How Robust Monitoring Powers High Availability for LinkedIn Feed

Monday, March 13, 2017 - 3:20pm3:45pm

Rushin Barot, LinkedIn


It is common practice for networking services like LinkedIn to introduce a new feature to a small subset of users before deploying to all its members. Even with rigorous testing and tight processes, bugs are inevitably introduced with a new deploy. Unit and integration tests in development environment cannot completely cover all use cases. This results in an inferior experience for the users subject to this treatment. In addition, these bugs cause service outages, impacting service availability, health metrics and increased on-call burden. 

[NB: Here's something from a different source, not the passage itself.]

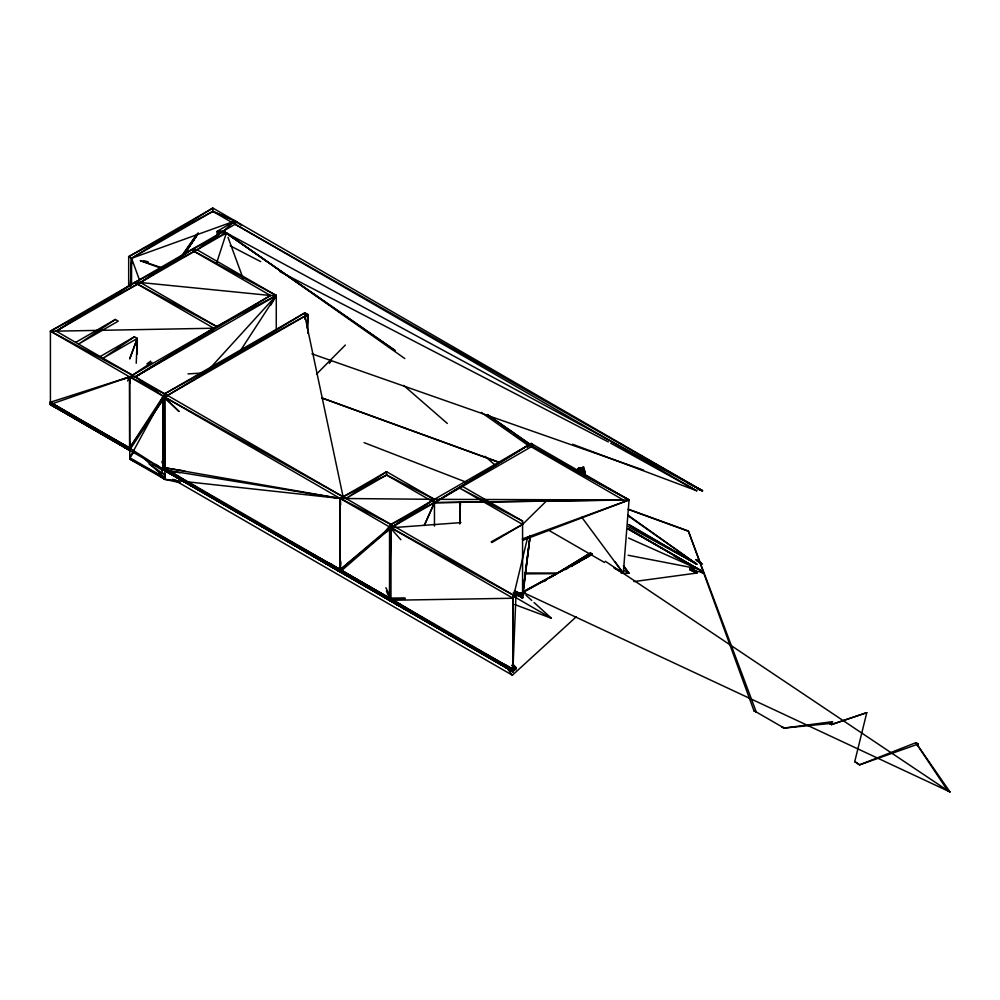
<?xml version="1.0" encoding="UTF-8"?>
<svg xmlns="http://www.w3.org/2000/svg" width="1000" height="1000" viewBox="0 0 1000 1000"><rect width="100%" height="100%" fill="white"/><g stroke="black" fill="none" stroke-linecap="round" stroke-linejoin="round"><path stroke-width="1.5" d="M276.275 329.837L276.275 295.5L270.5 295.5L129.588 376.863L50.225 402.275L50.225 404.5L129.488 448.05L163.238 396.287L166.125 394.625L390.975 524.438L390.975 601.237L163.238 469.637L163.238 396.287L164.675 393.787L304.925 312.825L307.812 314.488L307.812 333.212M459.738 523.75L459.762 502.088M613.925 567.913L623.288 573.312L629.062 499.963L528.325 445.138L623.288 499.963L434.462 499.338L386.587 475.025L343.1 496.8L163.238 396.287L163.137 469.7L512.938 671.65L513.038 598.25L50.412 331.15L50.412 404.5L129.488 450.275L164.675 397.125L304.925 312.825L304.925 319.275M584.625 476.125L584.538 471.062C584.288 467.9 574.725 468.4 581.55 467.938L583.263 469L583.55 474.55C588.413 465.575 574.6 471.337 582.95 468.2C583.825 468.312 578.212 466.675 583.962 471.175L583.913 475.163M583.013 472.1C579.712 466.938 585.225 465.975 583.375 474.45C581.362 468.088 585.275 467.013 583.138 474.775M578.775 471.012L582.6 467.962L583.9 468.85L579.312 467.912L582.925 468.162L582.013 469.637M582.9 471.838L582.725 469.062L581.325 469.538L582.962 468.2L581.462 469.675L582.938 468.25L581.362 469.613L581.663 467.738L578.5 468.725L578.188 471.35L579.275 467.912L582.413 468.8L579.338 471.188C576.475 464.85 584.55 469.487 583.775 470L583.875 468.713L582.6 467.962L581.888 468.625C578.725 467.65 585.612 468.325 583.325 469.188C580.125 469.812 582.2 468.587 582.825 468.1C580.55 468.95 585.425 470.112 583.325 472.9M405.037 598.737L390.975 599.012L340.025 571.825L340.213 498.462L386.587 471.7L434.462 499.338L434.462 526.075M580.812 471.213L581.1 468.312L578.675 468.3L578.462 471.312L578.837 468.137L580.775 468L581.538 469.637L582.888 468.137L581.462 469.65L582.688 468.038L581.263 469.5L581.663 467.738L580.812 468.638L581.587 467.925L583.8 469.825L583.263 470.275L581.55 467.938L580.775 468.6L582.688 468.05L581.7 469.575L580.913 468.162L579.1 470.737L580.363 467.975L581.562 468.787L582.938 468.25L579.3 471.312L579.75 467.825L582.413 468.8C578.987 470.112 584.575 466.362 582.288 469.162C581.062 470.887 579.837 466.163 581.525 468.8C580.775 471.675 588.612 464.588 580.337 472.675M583.962 469.675L583.75 474.263L583.763 469.762C577.987 469.137 583.775 467.775 582.962 468.188C582.537 468.575 579.9 468.713 583.1 472.7C582.938 470.225 584.062 466.037 581.413 469.637C582.612 466.65 575.4 469.225 578.737 471.8C577.337 464.4 580.975 469.875 581.8 467.975C586.213 473.612 581.2 464.812 578.75 471.087C576.975 467.05 583.737 467.688 578.462 468.525C577.112 475.55 579.312 463.137 578.938 471.062L578.888 468.125L578.787 471.775C577.6 464.15 586.725 469.725 583.763 474.137L583.288 469.025L582.05 468.488L582.975 472.837L582.938 469.963L583.763 469.762L583.763 474.263C586.575 468.725 574.225 466.188 582.788 469.113L582.638 472.038M579.575 470.4C580.075 466.6 578.225 467.65 579.575 470.737L579.7 467.825L579.675 471.037C582.238 466.112 576.613 468.05 578.862 471.238C577.35 467.562 582.85 466.662 580.438 471.125L580.85 468.062L579.837 467.863C574.975 477.713 580.612 461.062 578.688 471.9C576.2 468.7 582.612 465.087 580.15 471.2L580.188 467.85L579.987 470.6C582.1 465.412 575.862 468.8 578.612 471.812C578.025 465.887 579.113 467.463 579.062 471.737M583 473.225L583.837 468.675L583.587 474.475L583.675 469.738L583.312 472.762L582.925 469.938L582.962 473.113L583.775 468.85L582.525 468.875C578.062 468.612 583.962 466.55 582.413 468.8L580.688 468.025L580.55 470.875C582.725 466.512 577.45 467.85 579.138 471.425L578.488 468.488L580.275 467.863L580.062 470.6L580.138 467.875C576.087 469.237 579.538 473.625 578.488 468.488C579.25 474.288 576.675 468.787 579.312 467.912L578.9 471.45L578.763 468.263L579.837 467.863L579.462 470.938C578.55 467.238 581.45 466.838 580.062 470.863L579.925 468.075L582.925 468.263L579.587 471.662M582.288 469.162L582.362 468.375C580.275 467.788 582.863 470.262 582.45 468.212C579.587 472.137 583.125 465.675 583.263 469.15L583.862 468.688L583.413 474.825L584.312 470.425L584.288 475.062L584.312 470.425L582.863 469.175L582.95 472.212M582.737 474.137L583 469.312L579.2 472.05L578.987 468.125L579.125 471.987C580.6 461.087 576.8 475.838 578.425 469.188C579.388 465.5 583.787 471.325 583.763 468.75L582.05 468.488L583.9 468.85L582.55 468.062L581.462 469.675C583.3 466.675 583.225 468.675 581.225 469.3C580.95 467.038 583.925 470.387 582.463 472.55L582.625 469.65C580.8 467.325 581.025 469.137 582.675 469.05L582.463 472.025L582.762 468.062L581.462 469.65L582.75 468.062L581.462 469.65L582.688 468.038L581.462 469.6L582.3 469.075L578.837 468.475L578.325 471.962C578.212 468.263 580.8 465.775 579.725 470.788C579.487 464.288 583.075 471.525 581.325 468.363C581.712 468.762 576.125 467.512 578.575 471.188L578.775 468.275L578.4 471.325C577.463 468.025 580.788 466.25 578.825 471.45L579.138 468.062L579.275 471.887M578.8 468.175L579.362 467.925C577.525 471.488 577.487 471.287 579.362 467.925L578.9 471.075L579.487 468.038L581.413 468.85L582.9 468.2L580.013 471.425M579.05 471.188C587.013 468.013 579 466.325 579.637 470.925L580.363 467.975L580.175 470.725L580.363 468.088L578.638 468.587L578.725 471.875L578.462 468.525L579.163 468.338L578.45 468.575L579.1 471.45C577.125 468.175 581.8 466.175 580.163 470.725M581.462 472.562L581.8 468.738C581.9 466.9 581.337 468.95 581.487 469.263C584.538 466.362 580.337 469.85 582.5 468.85C583.425 466.8 579.338 470.325 582.413 468.8C580.2 470.363 582.112 468.237 582.8 468.137C580.925 468.688 581.35 468.137 582.038 468.888L582.863 468.1L579.575 471.488M579.688 471.238L579.513 468.1L581.712 468.775C580.763 470.487 583.7 466.025 582.975 470.025L582.95 473.1L583.8 469.825L582.9 469.913L582.875 472.863C584.538 467.9 580.487 467.013 581.85 468.775C581.875 470.988 581.062 466.763 580.862 468.575C584.025 469.363 579.862 468 578.362 469.175L578.737 471.8L578.938 468.125M583.438 472.488L583.175 469.525L582.962 472.362L582.438 469.487L583.763 469.762L583.212 470.225C578.475 469.412 585.45 464.625 583.513 474.45L583.088 470.087L583.763 469.762L583.212 474.712L583.112 470.1C584.038 468.562 582.137 470.438 583.013 472.4C584 466.325 577.263 469.95 579.487 468.038L580.312 467.887L580.05 470.863L580.337 467.925L578.612 468.375C576.938 475.45 579.113 463.963 578.962 471.2L578.888 468.312L578.05 470.7L578.825 468.288L579.062 471.475C577.2 468 581.925 466.375 580.1 470.913L579.913 468.125L578.587 468.8L578.737 471.8L578.45 468.625L579.05 468.15L579.038 471.475L579.125 468.237L578.875 471.825L578.612 468.525L578.787 471.475L578.612 468.525L578.8 471.175L579.875 467.912C579.888 467.15 575.175 472.238 580.363 467.975L580.087 471.037L580.363 468.088L579.575 468.15L579.55 470.913C577.35 468.013 582.438 468.5 580.062 467.95C584.175 470.9 578.438 466.625 583.312 469.95L583.663 474.237L583.688 469.988L583.062 474.725L583.913 468.787L580.9 472.375M584.8 475.625C583.625 464.038 575.35 469.637 578.975 471.312C577.65 469.25 578.375 467.262 581.862 468.8L582.688 468.05M582.85 472.987L583.125 469.438L583.35 470.25M583.65 473.8C582.025 465.7 584.688 470.238 583.35 474.475L583.4 469.7L583.337 473.975M581.65 468.5C583.938 466.438 578.375 470.487 582.5 468.85L581.5 469.562L581.925 468.85C584.575 468.625 577.175 467.438 580.438 471.2C578.188 468.738 582.85 466.812 582.525 468.875L581.263 469.15L582.275 469.038C580.25 470.75 582.7 465.262 581.538 469.513C581.275 464.812 575.925 475.775 582.663 469.025M582.3 472.25L581.55 467.938C579.65 468.288 581.95 469.75 582.238 469.062C585.037 467.65 577.938 467.575 579.163 470.975L579.163 468.237L579.913 468.013M580.35 468.15L580.15 471.325L580.35 468.15L579.675 468.263L580.85 468.162L579.513 468.1L579.05 472.062L578.775 468.375L578.237 469.325L578.663 471.8L578.312 469.15L579.913 468.125L579.338 470.887L579.15 468.288L579.925 468.075L579.637 470.875L580.325 468.2L579.637 471.087L579.675 468.263L581.425 468.275L580.025 468.113L579.975 470.85M578.875 472.413L583.125 469.438L582.888 472.275C582.25 468.725 581.312 469.312 582.388 468.438L581.725 467.95L581.125 469.125L582.388 468.988C579.338 470.65 585.288 466.6 581.375 469.025C582.1 469.712 584.012 468.088 580.775 468L580.062 467.95C580.562 469.95 584.175 467.113 582.05 469.113C579.362 470.3 585.913 466.875 581.013 468.675M582.85 473.15L583.337 469.625M583.8 469.975L583.688 474.462M581.862 472.062L582.612 468.963L579.412 473.013L582.612 469.637L583.038 473.025L583.362 470.138C582.788 466.587 579.263 468.963 581.712 468.925L582.913 468.3L581.763 468.075C581.188 468.8 580.8 468.387 582.275 468.787C579.862 467.638 581.388 468.9 582.238 469.062L581.587 467.925L583.312 470.025L583.2 474.562L583.312 470.025C579.025 468 581.888 466.375 580.988 470.838M580.2 471.337L580.163 468.3L581.838 467.975L581.25 469.425L582.9 468.225L578.575 468.438L578.75 471.85L579 468.438L578.212 469.025L578.737 468.462L578.888 471.138L578.625 468.425L578.162 471.238L578.337 468.837L579.513 468.1L579.113 472.088L578.538 468.762L579.163 468.338L579.288 471L579.513 468.15L578.513 471.275L579.6 468.2L579.487 470.925M582.987 473.125L583.45 469.762L583.65 474.263L582.612 469.637L582 472.188C583.987 460.262 582.013 473.162 581.15 468.275C580.763 470 584.188 467.325 581.663 468.775C581.962 470.513 579.338 466.962 581.888 468.7L582.962 468.212L582.238 468.562M581.712 469.462L582.087 468.988C583.787 466.712 580.8 470.312 580.612 468.425C581.312 468.875 584.263 467.8 581.888 468.7L581.55 467.938L582.413 468.8C578.088 469.712 587.513 465.325 579.25 471.1L579.462 468.312L578.288 471.35L578.787 468.488L578.288 471.35L578.787 468.488L578.513 471.275L578.787 468.488L578.25 468.888L578.188 471.35L578.688 468.438L578.337 471.938L578.65 469.012L578.575 471.188C577.825 467.762 580.887 467.55 579.188 472.113L582.812 469.125C581.962 465.875 580.5 471.4 582.3 468.988L581.462 469.65C584.963 465.863 580.05 470.225 582.188 469.237C582.362 467.35 581.275 469.588 580.8 468.275C581.337 469.325 582.863 466.587 578.225 471.025M511.987 665.325L516.025 667.65L512.938 671.65L389.538 598.075L389.438 600.35L390.975 527.775L431.575 501M579.025 470.938L579.15 468.45L578.225 469.637L578.562 471.238L578.062 469.925L578.513 471.15L578.688 468.438L578.237 471.35L579.462 468.312L579.263 471C580.65 467.925 577.4 469.25 579.487 468.263L579.038 472.137M583.1 474.75L583.45 469.762L583.312 472.562M578.6 468.475L578.713 471.175L579.487 468.263L579.038 471.825M583.962 471.175L583.9 474.225L583.55 471.475M579.688 471.025L579.775 468.275L580.475 471.2L580.538 468.137L581.888 469.113L582.75 468.062L581.138 469.125L580.763 468.387L581.525 468.4L580.037 468M580.1 467.9L579.95 471.275L580.025 468.113L581.825 468.825L582.913 468.162L581.475 469.487L582.75 468.05L581.512 469.613L582.137 469.2C584.5 466.838 579.975 470.062 582.013 468.85C580.837 468.413 580.525 468.438 582.413 468.488L581.425 469.487L582.688 468.062L581.587 469.55L582.137 469.2C580.75 467.587 583.625 467.388 582.337 469.375L582.25 472.35L583.062 469.363L582.925 472.312L582.425 469.462L582.825 472.225M580.225 472.2C582.8 464.938 579.087 470.138 582.95 468.175L581.438 469.487L582.013 469.188C581.087 468.275 586.888 466.075 577.95 471.525L581.962 468.8L578.188 471.575M584.138 473.825L584.212 470.812L583.713 474.925L584.538 471.062L583.737 470.6L583.513 474.988M580.288 470.975L580.025 468.05L581.587 469.55L582.888 468.1L582.212 468.913C578.038 470.863 589.225 463.65 579.1 471.05C579.175 464.025 578.025 473.338 578.175 469.613C580.688 467.113 577.388 469.025 578.925 471.2L579.125 468.488L578.288 468.862L578.138 471.262L578.387 468.837C577.638 475.562 579.725 462.7 578.888 471.475M584.05 475.012L584.362 471.337L583.413 470.8L584.938 472.425L584.938 475.475M584.85 475.475L584.938 472.425L583.737 470.6L584.7 475.625M164.875 474.575L162.162 473.013L162.312 468.35M580.875 471L580.962 468.113L582.175 468.188L581.55 469.375L582.812 468.062L581.587 469.35L581.087 468.062L580.025 468.05L580.3 471.087L580.65 468.05L581.862 468.8C580.138 466.987 581.4 469.85 582.062 468.862C578.088 468.638 585.487 468.45 581.838 468.288L581.587 469.613L582.137 469.2C583.7 466.138 580.312 470.938 582.337 469.025C579.963 470.6 585.013 464.738 582.125 472.238L582.312 469.35C579.462 468.113 583.075 468.713 582.35 468.438C583.438 467.325 580.375 470.887 581.737 468.062C580.525 472.137 584.25 465.475 581.962 469.087L581.462 469.675L582.688 468.1L581.413 469.625L582.625 468.062L581.962 469.3C583.038 467.013 583.237 468.275 579.837 472.738M583.45 474.263L583.288 469.188C582.925 466.962 580.725 470.487 581.712 468.675L581.838 469.325C580.612 467.025 581.875 468.375 580.325 471.213M578.45 468.575L578.95 471.312L578.725 468.663L578.4 471.9L578.663 469.062L578.162 471.238M578.4 469.637L578.575 471.2L578.5 468.862L578.612 471.812L578.45 468.837L578.4 471.325M578.225 469.888L578.362 470.513M579.275 471.012L579.862 468.225L579.562 471.213M129.838 441.8L129.588 450.213L50.412 402.275M307.275 328.263L307.812 314.488L164.675 393.787L129.588 376.863L50.225 404.5L129.488 450.275L130.087 441.812M340.462 563.4L340.025 571.825L340.763 561.912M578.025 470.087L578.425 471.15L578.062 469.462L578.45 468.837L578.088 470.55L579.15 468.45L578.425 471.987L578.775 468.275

Although there exist frameworks for testing new features in development clusters, it is not possible to completely simulate all aspects of a production environment. Read requests for Feed service have enough variation to trigger large classes of unforeseen errors. So, we introduced a production instance of the service, called ‘Dark Canary’, that receives live production traffic that is tee’d from a production source node, but does not return any responses upstream. New experimental code is deployed to the dark canary and compared to the current version in production node for health failures. This helps us in reducing the number of bad sessions to the users and also provides a better understanding of the service capacity requirements.

Rushin Barot is a site Reliability Engineer at LinkedIn, where he contributes to Feed infrastructure. Prior to working at LinkedIn, he was working at Yahoo in Search infrastructure. He holds an MS in Computer Science from San Jose State University.